A recent study has raised important safety concerns regarding deep sedation (DS) supported pediatric dental procedures carried out in outpatient settings.
The research suggests that adverse events (AEs) occurred in approximately 8.6% of cases, emphasizing the need for more extensive studies and root cause analyses to enhance the safety of such procedures.
The study, conducted by a team of researchers, aimed to assess the safety of DS-supported pediatric dental treatments in an outpatient setting. Data was gathered retrospectively by developing an automated script to identify patient charts of children who underwent DS-supported dental procedures between 2017 and 2019 at a dental clinic.
The charts were thoroughly examined for sedation-related AEs. A panel of experts performed a second review to confirm or refute the initial AE designations. The AEs were classified using the Tracking and Reporting Outcomes of Procedural Sedation system.
Out of the 175 cases of DS, 19 AEs were identified in 15 cases, equating to an 8.6% occurrence rate. The AEs were categorized as follows:
- 36.84% were related to airway and breathing issues.
- 47.37% were linked to sedation quality, including a case where a dizzy patient fell and sustained a head laceration.

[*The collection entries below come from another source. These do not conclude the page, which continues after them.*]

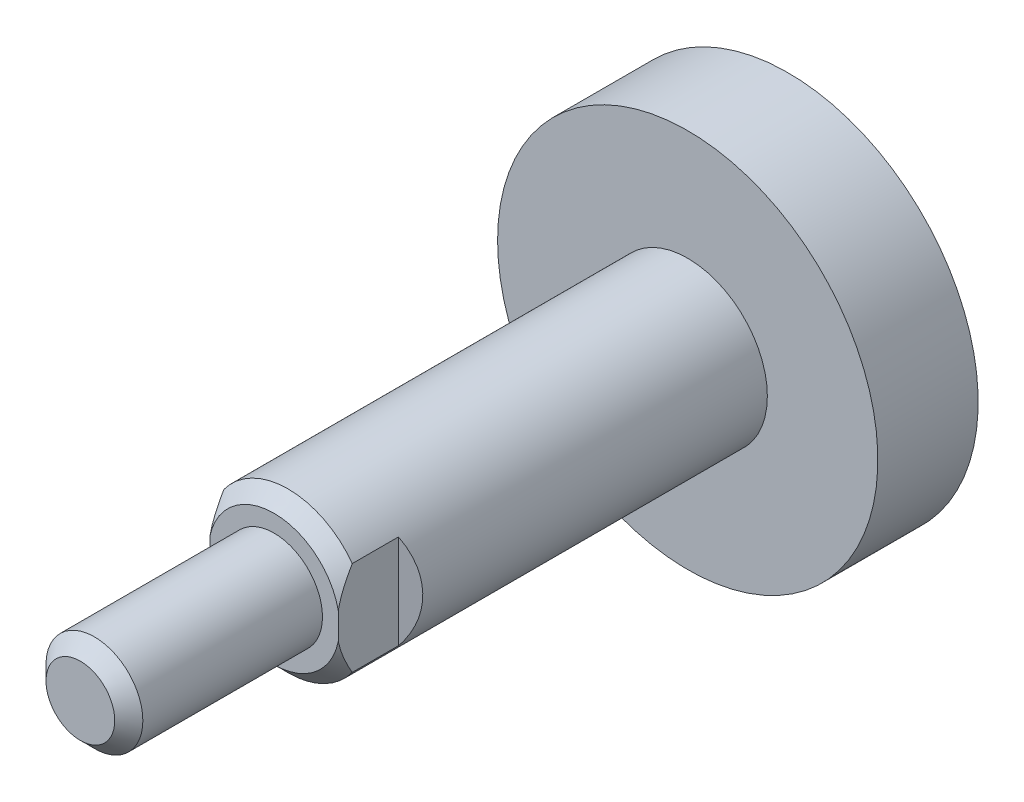
ISO-10303-21;
HEADER;
FILE_DESCRIPTION(('STEP AP214'),'2;1');
FILE_NAME('part.step','',(''),(''),'','','');
FILE_SCHEMA(('AUTOMOTIVE_DESIGN { 1 0 10303 214 1 1 1 1 }'));
ENDSEC;
DATA;
#1=APPLICATION_CONTEXT('core data for automotive mechanical design processes');
#2=APPLICATION_PROTOCOL_DEFINITION('international standard','automotive_design',2000,#1);
#3=PRODUCT_CONTEXT('',#1,'mechanical');
#4=PRODUCT('Part','Part','',(#3));
#5=PRODUCT_RELATED_PRODUCT_CATEGORY('part','',(#4));
#6=PRODUCT_DEFINITION_FORMATION('','',#4);
#7=PRODUCT_DEFINITION_CONTEXT('part definition',#1,'design');
#8=PRODUCT_DEFINITION('design','',#6,#7);
#9=PRODUCT_DEFINITION_SHAPE('','',#8);
#10=(LENGTH_UNIT() NAMED_UNIT(*) SI_UNIT(.MILLI.,.METRE.));
#11=(NAMED_UNIT(*) PLANE_ANGLE_UNIT() SI_UNIT($,.RADIAN.));
#12=(NAMED_UNIT(*) SI_UNIT($,.STERADIAN.) SOLID_ANGLE_UNIT());
#13=UNCERTAINTY_MEASURE_WITH_UNIT(LENGTH_MEASURE(1.E-05),#10,'distance_accuracy_value','');
#14=(GEOMETRIC_REPRESENTATION_CONTEXT(3) GLOBAL_UNCERTAINTY_ASSIGNED_CONTEXT((#13)) GLOBAL_UNIT_ASSIGNED_CONTEXT((#10,
#11,#12)) REPRESENTATION_CONTEXT('',''));
#15=CARTESIAN_POINT('',(0.,0.,0.));
#16=DIRECTION('',(0.,0.,1.));
#17=DIRECTION('',(1.,0.,0.));
#18=AXIS2_PLACEMENT_3D('',#15,#16,#17);
#19=CARTESIAN_POINT('',(0.,0.,5.));
#20=DIRECTION('',(0.,0.,-1.));
#21=DIRECTION('',(-1.,0.,0.));
#22=AXIS2_PLACEMENT_3D('',#19,#20,#21);
#23=CYLINDRICAL_SURFACE('',#22,9.475);
#24=CARTESIAN_POINT('',(0.,0.,5.));
#25=DIRECTION('',(0.,0.,-1.));
#26=DIRECTION('',(-1.,0.,0.));
#27=AXIS2_PLACEMENT_3D('',#24,#25,#26);
#28=CIRCLE('',#27,9.475);
#29=CARTESIAN_POINT('',(-9.475,0.,5.));
#30=VERTEX_POINT('',#29);
#31=EDGE_CURVE('E144',#30,#30,#28,.T.);
#32=ORIENTED_EDGE('',*,*,#31,.T.);
#33=EDGE_LOOP('',(#32));
#34=FACE_BOUND('',#33,.T.);
#35=CARTESIAN_POINT('',(0.,0.,0.));
#36=DIRECTION('',(0.,0.,-1.));
#37=DIRECTION('',(-1.,0.,0.));
#38=AXIS2_PLACEMENT_3D('',#35,#36,#37);
#39=CIRCLE('',#38,9.475);
#40=CARTESIAN_POINT('',(-9.475,0.,0.));
#41=VERTEX_POINT('',#40);
#42=EDGE_CURVE('E139',#41,#41,#39,.T.);
#43=ORIENTED_EDGE('',*,*,#42,.F.);
#44=EDGE_LOOP('',(#43));
#45=FACE_BOUND('',#44,.T.);
#46=ADVANCED_FACE('F39',(#34,#45),#23,.T.);
#47=CARTESIAN_POINT('',(9.475,0.,5.));
#48=DIRECTION('',(0.,0.,1.));
#49=DIRECTION('',(1.,0.,0.));
#50=AXIS2_PLACEMENT_3D('',#47,#48,#49);
#51=PLANE('',#50);
#52=CARTESIAN_POINT('',(0.,0.,5.));
#53=DIRECTION('',(0.,0.,1.));
#54=DIRECTION('',(1.,0.,0.));
#55=AXIS2_PLACEMENT_3D('',#52,#53,#54);
#56=CIRCLE('',#55,3.969);
#57=CARTESIAN_POINT('',(3.969,0.,5.));
#58=VERTEX_POINT('',#57);
#59=EDGE_CURVE('E140',#58,#58,#56,.T.);
#60=ORIENTED_EDGE('',*,*,#59,.F.);
#61=EDGE_LOOP('',(#60));
#62=FACE_BOUND('',#61,.T.);
#63=ORIENTED_EDGE('',*,*,#31,.F.);
#64=EDGE_LOOP('',(#63));
#65=FACE_BOUND('',#64,.T.);
#66=ADVANCED_FACE('F223',(#62,#65),#51,.T.);
#67=CARTESIAN_POINT('',(0.,0.,0.));
#68=DIRECTION('',(0.,0.,-1.));
#69=DIRECTION('',(-1.,0.,0.));
#70=AXIS2_PLACEMENT_3D('',#67,#68,#69);
#71=PLANE('',#70);
#72=ORIENTED_EDGE('',*,*,#42,.T.);
#73=EDGE_LOOP('',(#72));
#74=FACE_BOUND('',#73,.T.);
#75=ADVANCED_FACE('F229',(#74),#71,.T.);
#76=CARTESIAN_POINT('',(0.,0.,25.614));
#77=DIRECTION('',(0.,0.,-1.));
#78=DIRECTION('',(-1.,0.,0.));
#79=AXIS2_PLACEMENT_3D('',#76,#77,#78);
#80=CYLINDRICAL_SURFACE('',#79,3.969);
#81=DIRECTION('',(0.,0.,1.));
#82=VECTOR('',#81,1.);
#83=CARTESIAN_POINT('',(-3.2,2.34796954835449,17.2654508385936));
#84=LINE('',#83,#82);
#85=CARTESIAN_POINT('',(-3.2,2.34796954835449,22.614));
#86=VERTEX_POINT('',#85);
#87=CARTESIAN_POINT('',(-3.2,2.34796954835449,24.9139999999851));
#88=VERTEX_POINT('',#87);
#89=EDGE_CURVE('E100',#86,#88,#84,.T.);
#90=ORIENTED_EDGE('',*,*,#89,.T.);
#91=CARTESIAN_POINT('',(0.,0.,24.9139999999851));
#92=DIRECTION('',(0.,0.,1.));
#93=DIRECTION('',(1.,0.,0.));
#94=AXIS2_PLACEMENT_3D('',#91,#92,#93);
#95=CIRCLE('',#94,3.969);
#96=CARTESIAN_POINT('',(3.2,2.34796954835449,24.9139999999851));
#97=VERTEX_POINT('',#96);
#98=EDGE_CURVE('E66',#88,#97,#95,.F.);
#99=ORIENTED_EDGE('',*,*,#98,.T.);
#100=DIRECTION('',(0.,0.,1.));
#101=VECTOR('',#100,1.);
#102=CARTESIAN_POINT('',(3.2,2.34796954835449,17.2654508385936));
#103=LINE('',#102,#101);
#104=CARTESIAN_POINT('',(3.2,2.34796954835449,22.614));
#105=VERTEX_POINT('',#104);
#106=EDGE_CURVE('E136',#105,#97,#103,.T.);
#107=ORIENTED_EDGE('',*,*,#106,.F.);
#108=CARTESIAN_POINT('',(0.,0.,24.4615208614068));
#109=DIRECTION('',(-0.500000000000005,0.,-0.866025403784436));
#110=DIRECTION('',(-0.866025403784436,0.,0.500000000000005));
#111=AXIS2_PLACEMENT_3D('',#108,#109,#110);
#112=ELLIPSE('',#111,4.58300643682726,3.969);
#113=CARTESIAN_POINT('',(3.2,-2.34796954835449,22.614));
#114=VERTEX_POINT('',#113);
#115=EDGE_CURVE('E133',#114,#105,#112,.F.);
#116=ORIENTED_EDGE('',*,*,#115,.F.);
#117=DIRECTION('',(0.,0.,1.));
#118=VECTOR('',#117,1.);
#119=CARTESIAN_POINT('',(3.2,-2.34796954835449,17.2654508385936));
#120=LINE('',#119,#118);
#121=CARTESIAN_POINT('',(3.2,-2.34796954835449,24.9139999999851));
#122=VERTEX_POINT('',#121);
#123=EDGE_CURVE('E132',#114,#122,#120,.T.);
#124=ORIENTED_EDGE('',*,*,#123,.T.);
#125=CARTESIAN_POINT('',(0.,0.,24.9139999999851));
#126=DIRECTION('',(0.,0.,1.));
#127=DIRECTION('',(1.,0.,0.));
#128=AXIS2_PLACEMENT_3D('',#125,#126,#127);
#129=CIRCLE('',#128,3.969);
#130=CARTESIAN_POINT('',(-3.2,-2.34796954835449,24.9139999999851));
#131=VERTEX_POINT('',#130);
#132=EDGE_CURVE('E196',#122,#131,#129,.F.);
#133=ORIENTED_EDGE('',*,*,#132,.T.);
#134=DIRECTION('',(0.,0.,1.));
#135=VECTOR('',#134,1.);
#136=CARTESIAN_POINT('',(-3.2,-2.34796954835449,17.2654508385936));
#137=LINE('',#136,#135);
#138=CARTESIAN_POINT('',(-3.2,-2.34796954835449,22.614));
#139=VERTEX_POINT('',#138);
#140=EDGE_CURVE('E120',#139,#131,#137,.T.);
#141=ORIENTED_EDGE('',*,*,#140,.F.);
#142=CARTESIAN_POINT('',(0.,0.,24.4615208614068));
#143=DIRECTION('',(0.500000000000003,0.,-0.866025403784437));
#144=DIRECTION('',(0.866025403784437,0.,0.500000000000003));
#145=AXIS2_PLACEMENT_3D('',#142,#143,#144);
#146=ELLIPSE('',#145,4.58300643682726,3.969);
#147=EDGE_CURVE('E110',#86,#139,#146,.F.);
#148=ORIENTED_EDGE('',*,*,#147,.F.);
#149=EDGE_LOOP('',(#90,#99,#107,#116,#124,#133,#141,#148));
#150=FACE_BOUND('',#149,.T.);
#151=ORIENTED_EDGE('',*,*,#59,.T.);
#152=EDGE_LOOP('',(#151));
#153=FACE_BOUND('',#152,.T.);
#154=ADVANCED_FACE('F118',(#150,#153),#80,.T.);
#155=CARTESIAN_POINT('',(0.,0.,25.614));
#156=DIRECTION('',(0.,0.,1.));
#157=DIRECTION('',(1.,0.,0.));
#158=AXIS2_PLACEMENT_3D('',#155,#156,#157);
#159=PLANE('',#158);
#160=CARTESIAN_POINT('',(0.,0.,25.614));
#161=DIRECTION('',(0.,0.,1.));
#162=DIRECTION('',(1.,0.,0.));
#163=AXIS2_PLACEMENT_3D('',#160,#161,#162);
#164=CIRCLE('',#163,2.413);
#165=CARTESIAN_POINT('',(2.413,0.,25.614));
#166=VERTEX_POINT('',#165);
#167=EDGE_CURVE('E143',#166,#166,#164,.T.);
#168=ORIENTED_EDGE('',*,*,#167,.F.);
#169=EDGE_LOOP('',(#168));
#170=FACE_BOUND('',#169,.T.);
#171=DIRECTION('',(0.,-1.,0.));
#172=VECTOR('',#171,1.);
#173=CARTESIAN_POINT('',(3.2,2.34796954835449,25.614));
#174=LINE('',#173,#172);
#175=CARTESIAN_POINT('',(3.2,0.668102536967619,25.614));
#176=VERTEX_POINT('',#175);
#177=CARTESIAN_POINT('',(3.2,-0.668102536967616,25.614));
#178=VERTEX_POINT('',#177);
#179=EDGE_CURVE('E124',#176,#178,#174,.T.);
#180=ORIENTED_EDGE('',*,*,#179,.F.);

- 15.79% were classified as allergies.
The study’s findings underscore the significant safety concerns associated with DS-supported pediatric dental procedures in outpatient settings. AEs, whether minor or potentially severe, occurred in one out of every twelve cases. Notably, a substantial number of AEs were related to airway and breathing complications, highlighting the importance of vigilant monitoring and rapid response in these situations.
The researchers noted that children’s cognitive and emotional development, in addition to their age, influenced their ability to cooperate during procedures. This often necessitated deeper sedation levels, increasing the importance of rescue procedures in outpatient settings. Compromised airways or respiratory issues were identified as the most dire consequences of DS in pediatric patients, with potential impacts on respiratory drive, airway patency, and protective airway reflexes.
Dentists must prioritize patient safety and ensure that outpatient settings maintain comparable levels of safety as in-hospital procedures.
In summary, this research highlights the presence of AEs in a substantial proportion of DS-supported pediatric dental procedures conducted in outpatient settings. The findings emphasize the need for larger studies and root cause analyses to improve the safety and reliability of such procedures. Ensuring the well-being of young patients undergoing dental sedation remains a paramount concern, and continued efforts are necessary to optimize safety in outpatient settings.